# The Heart of High Resolution EBSD

#### XCF: The Cross Correlation Function

At the core of the HR EBSD method is cross correlation. The Cross-Correlation function (or XCF) is a well-established mathematical technique used in many fields from signal processing to astronomy. As used in HREBSD it provides a comparative measure of the distortion between a test pattern and a reference pattern. Cross correlation is performed over numerous regions of interest (ROI) common to both patterns and the average shift within each of the selected ROIs between test and reference patterns is measured. These are used to calculate a relative distortion matrix which in turn is used to elucidate the stress/strain state of the material under study.

Typically an ROI is square and covers around 1/16^{th} of the total area of the pattern. They are distributed so as to sample predominately the areas towards the outer edges of the pattern which because of the gnomonic projection form of the pattern are the most sensitive to strain. The XCF is based upon Fourier Transforms and these are best calculated using the Fast Fourier transform or FFT – this constrains the size (width and height) of the ROI to be a number that is a power of 2 (e.g. 128, 256, 512 etc.)
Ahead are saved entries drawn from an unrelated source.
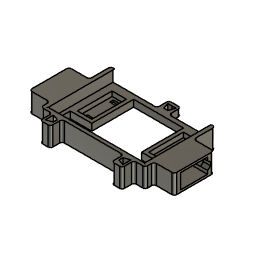
RobotV3 (Autodesk Fusion 360 design; units mm, degrees)
Autodesk Fusion 360 part; units mm, degrees
note: some values were not read from the file. Set by a fixed rule: which sketch regions a step uses.
sketch "Sketch1" plane through (0, 0, 0) normal (0, 0, 1) x (1, 0, 0)
  line L0 (0, 0) -> (83.7, 0)
  line L1 (83.7, 0) -> (83.7, 54.9)
  line L2 (83.7, 54.9) -> (0, 54.9)
  line L3 (0, 54.9) -> (0, 0)
  line L4 (0, 27.45) -> (0, 33.45)
  line L5 (0, 33.45) -> (-1.8, 33.45)
  line L6 (-1.8, 33.45) -> (-25.3, 33.45)
  line L7 (-25.3, 33.45) -> (-25.3, 10.78)
  line L8 (-25.3, 10.78) -> (0, 10.78)
  line L9 (-1.8, 33.45) -> (-1.8, 10.78)
  line L10 (-25.3, 33.45) -> (-25.3, 38.65)
  line L11 (-25.3, 38.65) -> (0, 38.65)
  line L12 (-1.8, 33.45) -> (-1.8, 38.65)
  line L13 (-25.3, 38.65) -> (0, 38.65)
  line L14 (0, 38.65) -> (0, 40.45)
  line L15 (0, 40.45) -> (-25.3, 40.45)
  line L16 (-25.3, 40.45) -> (-25.3, 38.65)
  line L17 (-21.6, 33.45) -> (-18.8, 33.45)
  line L18 (-18.8, 33.45) -> (-18.8, 38.65)
  line L19 (-18.8, 38.65) -> (-21.6, 38.65)
  line L20 (-21.6, 38.65) -> (-21.6, 33.45)
  line L21 (0, 10.78) -> (0, 5.58)
  line L22 (0, 10.78) -> (-18.8, 10.78)
  line L23 (-18.8, 10.78) -> (-18.8, 5.58)
  line L24 (-18.8, 5.58) -> (0, 5.58)
  line L25 (0, 5.58) -> (0, 10.78)
  line L26 (-1.8, 10.78) -> (-1.8, 5.58)
  line L27 (-18.8, 10.78) -> (-21.6, 10.78)
  line L28 (-21.6, 10.78) -> (-21.6, 5.58)
  line L29 (-21.6, 5.58) -> (-18.8, 5.58)
  line L30 (-18.8, 5.58) -> (-18.8, 10.78)
  line L31 (-21.6, 10.78) -> (-25.3, 10.78)
  line L32 (-25.3, 10.78) -> (-25.3, 5.58)
  line L33 (-25.3, 5.58) -> (-21.6, 5.58)
  line L34 (-21.6, 5.58) -> (-21.6, 10.78)
  line L35 (0, 5.58) -> (-25.3, 5.58)
  line L36 (-25.3, 5.58) -> (-25.3, 3.78)
  line L37 (-25.3, 3.78) -> (0, 3.78)
  line L38 (0, 3.78) -> (0, 5.58)
  line L39 (-1.8, 38.65) -> (0, 38.65)
  line L40 (0, 38.65) -> (0, 54.9)
  line L41 (0, 54.9) -> (-1.8, 54.9)
  line L42 (-1.8, 54.9) -> (-1.8, 38.65)
  line L43 (-1.8, 54.9) -> (83.7, 54.9)
  line L44 (83.7, 54.9) -> (83.7, 56.7)
  line L45 (83.7, 56.7) -> (-1.8, 56.7)
  line L46 (-1.8, 56.7) -> (-1.8, 54.9)
  line L47 (0, 0) -> (83.7, 0)
  line L48 (83.7, 0) -> (83.7, -1.8)
  line L49 (83.7, -1.8) -> (0, -1.8)
  line L50 (0, -1.8) -> (0, 0)
  line L51 (83.7, 56.7) -> (85.5, 56.7)
  line L52 (85.5, 56.7) -> (85.5, -1.8)
  line L53 (85.5, -1.8) -> (83.7, -1.8)
  line L54 (83.7, -1.8) -> (83.7, 56.7)
  line L55 (41.85, -1.8) -> (41.85, 56.7)
  line L56 (102.5, 5.58) -> (83.7, 5.58)
  line L57 (109, 5.58) -> (105.3, 5.58)
  line L58 (85.5, 54.9) -> (85.5, 38.65)
  line L59 (85.5, 33.45) -> (85.5, 10.78)
  line L60 (105.3, 33.45) -> (102.5, 33.45)
  line L61 (109, 33.45) -> (109, 10.78)
  line L62 (105.3, 10.78) -> (105.3, 5.58)
  line L63 (105.3, 10.78) -> (109, 10.78)
  line L64 (109, 40.45) -> (109, 38.65)
  line L65 (85.5, 38.65) -> (83.7, 38.65)
  line L66 (109, 33.45) -> (109, 38.65)
  line L67 (105.3, 5.58) -> (102.5, 5.58)
  line L68 (85.5, 10.78) -> (85.5, 5.58)
  line L69 (109, 10.78) -> (109, 5.58)
  line L70 (102.5, 33.45) -> (102.5, 38.65)
  line L71 (102.5, 10.78) -> (102.5, 5.58)
  line L72 (105.3, 5.58) -> (105.3, 10.78)
  line L73 (105.3, 38.65) -> (105.3, 33.45)
  line L74 (102.5, 38.65) -> (105.3, 38.65)
  line L75 (102.5, 5.58) -> (102.5, 10.78)
  line L76 (109, 5.58) -> (109, 3.78)
  line L77 (85.5, 33.45) -> (109, 33.45)
  line L78 (85.5, 33.45) -> (85.5, 38.65)
  line L79 (102.5, 10.78) -> (105.3, 10.78)
  line L80 (85.5, 56.7) -> (85.5, 54.9)
  line L81 (83.7, 38.65) -> (83.7, 54.9)
  line L82 (109, 10.78) -> (83.7, 10.78)
  line L83 (83.7, 3.78) -> (83.7, 5.58)
  line L84 (83.7, 33.45) -> (85.5, 33.45)
  line L85 (109, 3.78) -> (83.7, 3.78)
  line L86 (83.7, 27.45) -> (83.7, 33.45)
  line L87 (83.7, 38.65) -> (83.7, 40.45)
  line L88 (83.7, -1.8) -> (83.7, 0)
  line L89 (83.7, 54.9) -> (83.7, 0)
  line L90 (109, 38.65) -> (83.7, 38.65)
  line L91 (83.7, 10.78) -> (102.5, 10.78)
  line L92 (83.7, 40.45) -> (109, 40.45)
  line L93 (109, 38.65) -> (83.7, 38.65)
  line L94 (83.7, 54.9) -> (85.5, 54.9)
  line L95 (83.7, 5.58) -> (109, 5.58)
  line L96 (83.7, 10.78) -> (83.7, 5.58)
  line L97 (83.7, 5.58) -> (83.7, 10.78)
  line L98 (-1.8, 5.58) -> (0, 5.58)
  line L99 (0, 5.58) -> (0, -1.8)
  line L100 (0, -1.8) -> (-1.8, -1.8)
  line L101 (-1.8, -1.8) -> (-1.8, 5.58)
  line L102 (-18.8, 38.65) -> (-18.8, 40.45)
  line L103 (-18.8, 5.58) -> (-18.8, 3.78)
  line L104 (102.5, 38.65) -> (102.5, 40.45)
  line L105 (102.5, 5.58) -> (102.5, 3.78)
  line L106 (-18.8, 33.45) -> (-18.8, 10.78)
  line L107 (102.5, 33.45) -> (102.5, 10.78)
  point P0 (83.7, 0)
  dimension "d1" = 83.7
  dimension "d2" = 54.9
  dimension "d3" = 6
  dimension "d5" = 1.8
  dimension "d6" = 23.5
  dimension "d7" = 22.67
  dimension "d8" = 5.2
  dimension "d9" = 1.8
  dimension "d10" = 2.8
  dimension "d11" = 17
  dimension "d12" = 5.2
  dimension "d14" = 5.2
  dimension "d15" = 17
  dimension "d16" = 2.8
  dimension "d17" = 5.2
  dimension "d18" = 1.8
  dimension "d19" = 1.8
  dimension "d20" = 1.8
  dimension "d21" = 1.8
  constraint horizontal L0
  constraint vertical L1
  constraint horizontal L2
  constraint vertical L3
  constraint coincident L0.start L3.end
  constraint midpoint L3 L4.start
  constraint parallel L3 L4
  constraint perpendicular L4 L5
  constraint parallel L5 L6
  constraint perpendicular L6 L7
  constraint coincident L3 L8.end
  constraint perpendicular L3 L8
  constraint coincident L8 L9.end
  constraint perpendicular L8 L9
  constraint perpendicular L6 L10
  constraint coincident L3 L11.end
  constraint perpendicular L3 L11
  constraint coincident L11 L12.end
  constraint perpendicular L11 L12
  constraint horizontal L13
  constraint vertical L14
  constraint horizontal L15
  constraint vertical L16
  constraint coincident L3 L14.end
  constraint horizontal L17
  constraint vertical L18
  constraint horizontal L19
  constraint vertical L20
  constraint coincident L6 L17.start
  constraint perpendicular L8 L21
  constraint horizontal L22
  constraint vertical L23
  constraint horizontal L24
  constraint vertical L25
  constraint coincident L24 L26.end
  constraint perpendicular L24 L26
  constraint horizontal L27
  constraint vertical L28
  constraint horizontal L29
  constraint vertical L30
  constraint horizontal L31
  constraint vertical L32
  constraint horizontal L33
  constraint vertical L34
  constraint horizontal L35
  constraint vertical L36
  constraint horizontal L37
  constraint vertical L38
  constraint horizontal L39
  constraint vertical L40
  constraint horizontal L41
  constraint vertical L42
  constraint horizontal L43
  constraint vertical L44
  constraint horizontal L45
  constraint vertical L46
  constraint horizontal L47
  constraint vertical L48
  constraint horizontal L49
  constraint vertical L50
  constraint horizontal L51
  constraint vertical L52
  constraint horizontal L53
  constraint vertical L54
  constraint midpoint L49 L55.start
  constraint coincident L45 L55.end
  constraint perpendicular L45 L55
  constraint symmetric L0.start L55 L0.end
  constraint symmetric L0.start L55 P0
  constraint symmetric L2.end L55 L1.end
  constraint symmetric L4.start L55 L86.start
  constraint symmetric L4.end L55 L84.start
  constraint symmetric L5.end L55 L59.start
  constraint symmetric L6.end L55 L61.start
  constraint symmetric L7.end L55 L61.end
  constraint symmetric L8.end L55 L82.end
  constraint symmetric L9.end L55 L59.end
  constraint symmetric L10.end L55 L64.end
  constraint symmetric L11.end L55 L65.end
  constraint symmetric L12.end L55 L58.end
  constraint symmetric L14.end L55 L87.end
  constraint symmetric L15.end L55 L64.start
  constraint symmetric L17.start L55 L60.start
  constraint symmetric L17.end L55 L60.end
  constraint symmetric L18.end L55 L70.end
  constraint symmetric L19.end L55 L73.start
  constraint symmetric L21.end L55 L56.end
  constraint symmetric L22.end L55 L71.start
  constraint symmetric L23.end L55 L56.start
  constraint symmetric L26.end L55 L68.end
  constraint symmetric L27.end L55 L62.start
  constraint symmetric L28.end L55 L57.end
  constraint symmetric L32.end L55 L57.start
  constraint symmetric L36.end L55 L76.end
  constraint symmetric L37.end L55 L83.start
  constraint symmetric L41.end L55 L58.start
  constraint symmetric L45.end L55 L51.end
  constraint symmetric L49.end L55 L48.end
  constraint horizontal L98
  constraint vertical L99
  constraint horizontal L100
  constraint vertical L101
  constraint coincident L15 L102.end
  constraint perpendicular L15 L102
  constraint coincident L37 L103.end
  constraint perpendicular L37 L103
  constraint coincident L92 L104.end
  constraint perpendicular L92 L104
  constraint coincident L85 L105.end
  constraint perpendicular L85 L105
  measures "d1" distance of L0.start P0
  measures "d2" distance of L0.start L2.end
  measures "d3" distance of L4.start L4.end
  measures "d5" distance of L4.end L5.end
  measures "d6" distance of L5.end L6.end
  measures "d7" distance of L6.end L7.end
  measures "d8" distance of L6.end L10.end
  measures "d9" distance of L10.end L15.end
  measures "d10" distance of L17.start L17.end
  measures "d11" distance of L12 L18
  measures "d12" distance of L8.end L21.end
  measures "d14" distance of L8.end L21.end
  measures "d15" distance of L23 L26
  measures "d16" distance of L22.end L27.end
  measures "d17" distance of L22.end L23.end
  measures "d18" distance of L21.end L37.end
  measures "d19" distance of L41.end L45.end
  measures "d20" distance of L0.start L49.end
  measures "d21" distance of L44.end L51.end
extrude "Extrude1" add sketch "Sketch1" along normal blind 1 contours L0 L2 L3 L4 L14 L21 L25 L38 L40 L43 L47 L55 L99 | L3 L37 L50 L99 L100 L101 | L0 L47 L49 L50 L55 L99 | L0 L1 L2 L43 L47 L54 L55 L81 L83 L86 L87 L89 L96 L97 | L0 L47 L48 L49 L54 L55 L88 | L3 L24 L35 L37 L38 L98 L99 L101 | L1 L48 L52 L53 L54 L85 L88 L89 | L2 L43 L44 L45 L54 L55 | L2 L41 L43 L45 L46 L55 | L3 L8 L21 L22 L24 L25 L26 L35 L98 | L1 L52 L54 L56 L83 L85 L89 L95 | L1 L52 L54 L58 L81 L89 L92 L94 | L44 L51 L52 L54 L80 L94 | L3 L15 L40 L41 L42 L43 | L3 L4 L5 L8 L9 L22 | L8 L22 L23 L24 L26 L30 L35 | L1 L52 L54 L56 L68 L82 L89 L91 L95 L96 L97 | L1 L52 L54 L58 L65 L81 L87 L89 L90 L92 L93 | L3 L11 L13 L14 L15 L39 L40 L42 | L6 L8 L9 L22 L106 | L1 L52 L54 L59 L82 L84 L86 L89 L91 | L52 L56 L68 L71 L75 L82 L91 L95 | L1 L52 L54 L65 L78 L84 L89 L90 L93 | L3 L5 L11 L12 L13 L39 | L6 L11 L12 L13 L18 | L52 L59 L77 L82 L91 L107 | L52 L70 L77 L78 L90 L93
extrude "Extrude2" add sketch "Sketch1" along normal blind 13.3 contours L3 L37 L50 L99 L100 L101 | L0 L47 L49 L50 L55 L99 | L0 L47 L48 L49 L54 L55 L88 | L3 L24 L35 L37 L38 L98 L99 L101 | L1 L48 L52 L53 L54 L85 L88 L89 | L2 L43 L44 L45 L54 L55 | L2 L41 L43 L45 L46 L55 | L3 L8 L21 L22 L24 L25 L26 L35 L98 | L1 L52 L54 L56 L83 L85 L89 L95 | L1 L52 L54 L58 L81 L89 L92 L94 | L44 L51 L52 L54 L80 L94 | L3 L15 L40 L41 L42 L43 | L3 L4 L5 L8 L9 L22 | L8 L22 L23 L24 L26 L30 L35 | L1 L52 L54 L56 L68 L82 L89 L91 L95 L96 L97 | L1 L52 L54 L58 L65 L81 L87 L89 L90 L92 L93 | L3 L11 L13 L14 L15 L39 L40 L42 | L1 L52 L54 L59 L82 L84 L86 L89 L91 | L52 L56 L68 L71 L75 L82 L91 L95 | L1 L52 L54 L65 L78 L84 L89 L90 L93 | L3 L5 L11 L12 L13 L39 | L6 L11 L12 L13 L18 | L52 L70 L77 L78 L90 L93
sketch "Sketch3" plane through (0, 0, 13.3) normal (0, 0, 1) x (-1, 0, 0)
  line L0 (0, 0) -> (0, -54.9)
  line L1 (0, -54.9) -> (-83.7, -54.9)
  line L2 (-83.7, -54.9) -> (-83.7, 0)
  line L3 (-83.7, 0) -> (0, 0)
  line L4 (-85.5, -5.58) -> (-102.5, -5.58)
  line L5 (-102.5, -5.58) -> (-102.5, -10.78)
  line L6 (-102.5, -10.78) -> (-85.5, -10.78)
  line L7 (-85.5, -10.78) -> (-85.5, -33.45)
  line L8 (-85.5, -33.45) -> (-102.5, -33.45)
  line L9 (-102.5, -33.45) -> (-102.5, -38.65)
  line L10 (-102.5, -38.65) -> (-85.5, -38.65)
  line L11 (-85.5, -38.65) -> (-85.5, -56.7)
  line L12 (-85.5, -56.7) -> (1.8, -56.7)
  line L13 (1.8, -56.7) -> (1.8, -38.65)
  line L14 (1.8, -38.65) -> (18.8, -38.65)
  line L15 (18.8, -38.65) -> (18.8, -33.45)
  line L16 (18.8, -33.45) -> (1.8, -33.45)
  line L17 (1.8, -33.45) -> (1.8, -10.78)
  line L18 (1.8, -10.78) -> (18.8, -10.78)
  line L19 (18.8, -10.78) -> (18.8, -5.58)
  line L20 (18.8, -5.58) -> (1.8, -5.58)
  line L21 (1.8, -5.58) -> (1.8, 1.8)
  line L22 (1.8, 1.8) -> (-85.5, 1.8)
  line L23 (-85.5, 1.8) -> (-85.5, -5.58)
  line L24 (18.8, -38.65) -> (0, -38.65)
  line L25 (0, -38.65) -> (0, -5.5037)
  line L26 (0, -5.5037) -> (18.8, -5.5037)
  line L27 (18.8, -5.5037) -> (18.8, -38.65)
  line L28 (-83.7, -38.65) -> (-102.5, -38.65)
  line L29 (-102.5, -38.65) -> (-102.5, -5.58)
  line L30 (-102.5, -5.58) -> (-83.7, -5.58)
  line L31 (-83.7, -5.58) -> (-83.7, -38.65)
  constraint horizontal L24
  constraint vertical L25
  constraint horizontal L26
  constraint vertical L27
  constraint coincident L0 L25.end
  constraint coincident L14.end L15.start
  constraint horizontal L28
  constraint vertical L29
  constraint horizontal L30
  constraint vertical L31
  constraint coincident L4.end L5.start
  constraint coincident L2 L28.start
extrude "Extrude5" add sketch "Sketch3" along normal blind 1 contours L0 L2 L3 L21 L22 L23 L26 L30 | L0 L14 L15 L16 L17 L18 L19 L20 L21 L24 L25 L26 L27 | L0 L1 L2 L11 L12 L13 L24 L28 | L2 L4 L5 L6 L7 L8 L9 L10 L28 L29 L30 L31 | L16 L17 L18 L27 | L6 L7 L8 L29
extrude "Extrude6" add 1 faces at (27.9, 36.6, 1) along direction (0, 0, 1) blind 3.8
sketch "Sketch4" plane through (0, 0, 4.8) normal (0, 0, 1) x (-1, 0, 0)
  line L0 (0, 0) -> (-83.7, 0)
  line L1 (-83.7, 0) -> (-83.7, -54.9)
  line L2 (-83.7, -54.9) -> (0, -54.9)
  line L3 (0, -54.9) -> (0, 0)
  line L4 (-6, -50) -> (-77.7, -50)
  line L5 (-77.7, -50) -> (-77.7, -21)
  line L6 (-77.7, -21) -> (-6, -21)
  line L7 (-6, -21) -> (-6, -50)
  line L8 (-83.7, 0) -> (-83.7, -54.9)
  line L9 (0, -38.65) -> (0, -54.9)
  line L10 (-9, -48) -> (-15, -48)
  line L11 (-15, -48) -> (-15, -45)
  line L12 (-15, -45) -> (-9, -45)
  line L13 (-9, -45) -> (-9, -48)
  line L14 (-21, -48) -> (-21, -45)
  line L15 (-74.7, -48) -> (-68.7, -48)
  line L16 (-68.7, -48) -> (-68.7, -45)
  line L17 (-68.7, -45) -> (-74.7, -45)
  line L18 (-74.7, -45) -> (-74.7, -48)
  line L19 (-9, -26.35) -> (-15, -26.35)
  line L20 (-15, -26.35) -> (-15, -23.35)
  line L21 (-15, -23.35) -> (-9, -23.35)
  line L22 (-9, -23.35) -> (-9, -26.35)
  line L23 (-68.7, -26.35) -> (-74.7, -26.35)
  line L24 (-74.7, -26.35) -> (-74.7, -23.35)
  line L25 (-74.7, -23.35) -> (-68.7, -23.35)
  line L26 (-68.7, -23.35) -> (-68.7, -26.35)
  line L27 (-18, -50) -> (-18, -21)
  line L28 (-65.7, -50) -> (-65.7, -21)
  dimension "d34" = 6
  dimension "d35" = 6
  dimension "d36" = 6
  dimension "d37" = 3
  dimension "d38" = 3
  dimension "d39" = 3
  dimension "d40" = 18.65
  dimension "d41" = 18.65
  dimension "d42" = 6.9
  dimension "d43" = 6.9
  dimension "d44" = 3
  dimension "d45" = 29
  dimension "d48" = 3
  dimension "d49" = 3
  dimension "d50" = 3
  dimension "d51" = 3
  dimension "d52" = 6
  dimension "d53" = 3
  dimension "d123" = 3
  dimension "d124" = 6
  constraint horizontal L4
  constraint vertical L5
  constraint horizontal L6
  constraint vertical L7
  constraint horizontal L10
  constraint vertical L11
  constraint horizontal L12
  constraint vertical L13
  constraint vertical L14
  constraint horizontal L15
  constraint vertical L16
  constraint horizontal L17
  constraint vertical L18
  constraint horizontal L19
  constraint vertical L20
  constraint horizontal L21
  constraint vertical L22
  constraint horizontal L23
  constraint vertical L24
  constraint horizontal L25
  constraint vertical L26
  constraint coincident L4 L27.start
  constraint coincident L6 L27.end
  constraint perpendicular L6 L27
  constraint coincident L4 L28.start
  constraint coincident L6 L28.end
  constraint perpendicular L6 L28
  measures "d34" distance of L5 L8
  measures "d35" distance of L7 L9
  measures "d36" distance of L10.start L10.end
  measures "d37" distance of L10.start L12.end
  measures "d38" distance of L19.start L21.end
  measures "d39" distance of L23.start L25.end
  measures "d40" distance of L12 L19
  measures "d41" distance of L17 L23
  measures "d42" distance of L2 L15
  measures "d43" distance of L2 L10
  measures "d44" distance of L15 L17
  measures "d45" distance of L4 L6
  measures "d48" distance of L11 L27
  measures "d49" distance of L7 L13
  measures "d50" distance of L5 L18
  measures "d51" distance of L5 L24
  measures "d52" distance of L24 L26
  measures "d53" distance of L26 L28
  measures "d123" distance of L7 L22
  measures "d124" distance of L16 L18
extrude "Extrude7" cut sketch "Sketch4" against normal blind 18 contours L10 L11 L12 L13 | L15 L16 L17 L18 | L19 L20 L21 L22 | L23 L24 L25 L26
extrude "Extrude8" cut sketch "Sketch4" against normal blind 4 contours L4 L6 L7 L27 | L4 L5 L6 L28
sketch "Sketch7" plane through (0, 0, 0) normal (0, 0, 1) x (1, 0, 0)
  line L0 (41.8154, -1.8) -> (9.3154, -1.8)
  line L1 (9.3154, -1.8) -> (9.3154, -10)
  line L2 (9.3154, -10) -> (41.8154, -10)
  line L3 (41.8154, -10) -> (41.8154, -1.8)
  line L4 (41.8154, -1.8) -> (74.3154, -1.8)
  line L5 (74.3154, -1.8) -> (74.3154, -10)
  line L6 (74.3154, -10) -> (41.8154, -10)
  line L7 (41.8154, -10) -> (41.8154, -1.8)
  line L8 (9.3154, -1.8) -> (7.5154, -1.8)
  line L9 (7.5154, -1.8) -> (7.5154, -10)
  line L10 (7.5154, -10) -> (9.3154, -10)
  line L11 (9.3154, -10) -> (9.3154, -1.8)
  line L12 (74.3154, -1.8) -> (76.1154, -1.8)
  line L13 (76.1154, -1.8) -> (76.1154, -10)
  line L14 (76.1154, -10) -> (74.3154, -10)
  line L15 (74.3154, -10) -> (74.3154, -1.8)
  line L16 (7.5154, -10) -> (76.1154, -10)
  line L17 (76.1154, -10) -> (76.1154, -11.8)
  line L18 (76.1154, -11.8) -> (7.5154, -11.8)
  line L19 (7.5154, -11.8) -> (7.5154, -10)
  line L20 (9.3154, -5.9) -> (9.3154, -9.3)
  line L21 (9.3154, -5.9) -> (9.3154, -2.5)
  line L22 (9.3154, -9.3) -> (14.3153, -7.6)
  line L23 (9.3154, -9.3) -> (4.0344, -9.3) construction
  line L24 (9.3154, -2.5) -> (14.3153, -4.2)
  line L25 (9.3154, -2.5) -> (4.0344, -2.5) construction
  line L26 (14.3153, -7.6) -> (14.3153, -4.2)
  line L27 (74.3154, -9.3) -> (69.3155, -7.6)
  line L28 (69.3155, -7.6) -> (69.3155, -4.2)
  line L29 (74.3154, -2.5) -> (69.3155, -4.2)
  line L30 (74.3154, -1.8) -> (74.3154, -10)
  line L31 (94, 57) -> (94, 56)
  line L32 (98, 0) -> (98, 55)
  line L33 (98, 27.5) -> (-22.8665, 27.5)
  line L34 (7.5154, 65) -> (76.1154, 65)
  line L35 (76.1154, 56.8) -> (76.1154, 65)
  line L36 (9.3154, 56.8) -> (7.5154, 56.8)
  line L37 (9.3154, 64.3) -> (14.3153, 62.6)
  line L38 (9.3154, 60.9) -> (9.3154, 64.3)
  line L39 (74.3154, 56.8) -> (76.1154, 56.8)
  line L40 (74.3154, 56.8) -> (74.3154, 65)
  line L41 (7.5154, 66.8) -> (7.5154, 65)
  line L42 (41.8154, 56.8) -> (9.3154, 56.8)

The result of the XCF of an ROI from 2 different patterns of similar orientation is a square array of real numbers. The value of the number at each point in the XCF array represents the degree of correlation between the 2 patterns if the test pattern had been offset so that it is centred at that point. These numbers are largest at the point where the 2 patterns best overlap (i.e. correlate). For example, if the contents of the ROI are identical apart from the test pattern being shifted one pixel to the right compared to the reference pattern, the XCF will have its brightest pixel at the position 1,0.

By using a peak fitting routine to interpolate the position of the XCF peak, it is possible to measure sub-pixel shifts. In astronomy, for example, they can track the movement of a star to at least 1/100 of a pixel sensitivity. In HREBSD the presence of noise and a background signal limit the sensitivity to 1/10 to 1/20 of a pixel.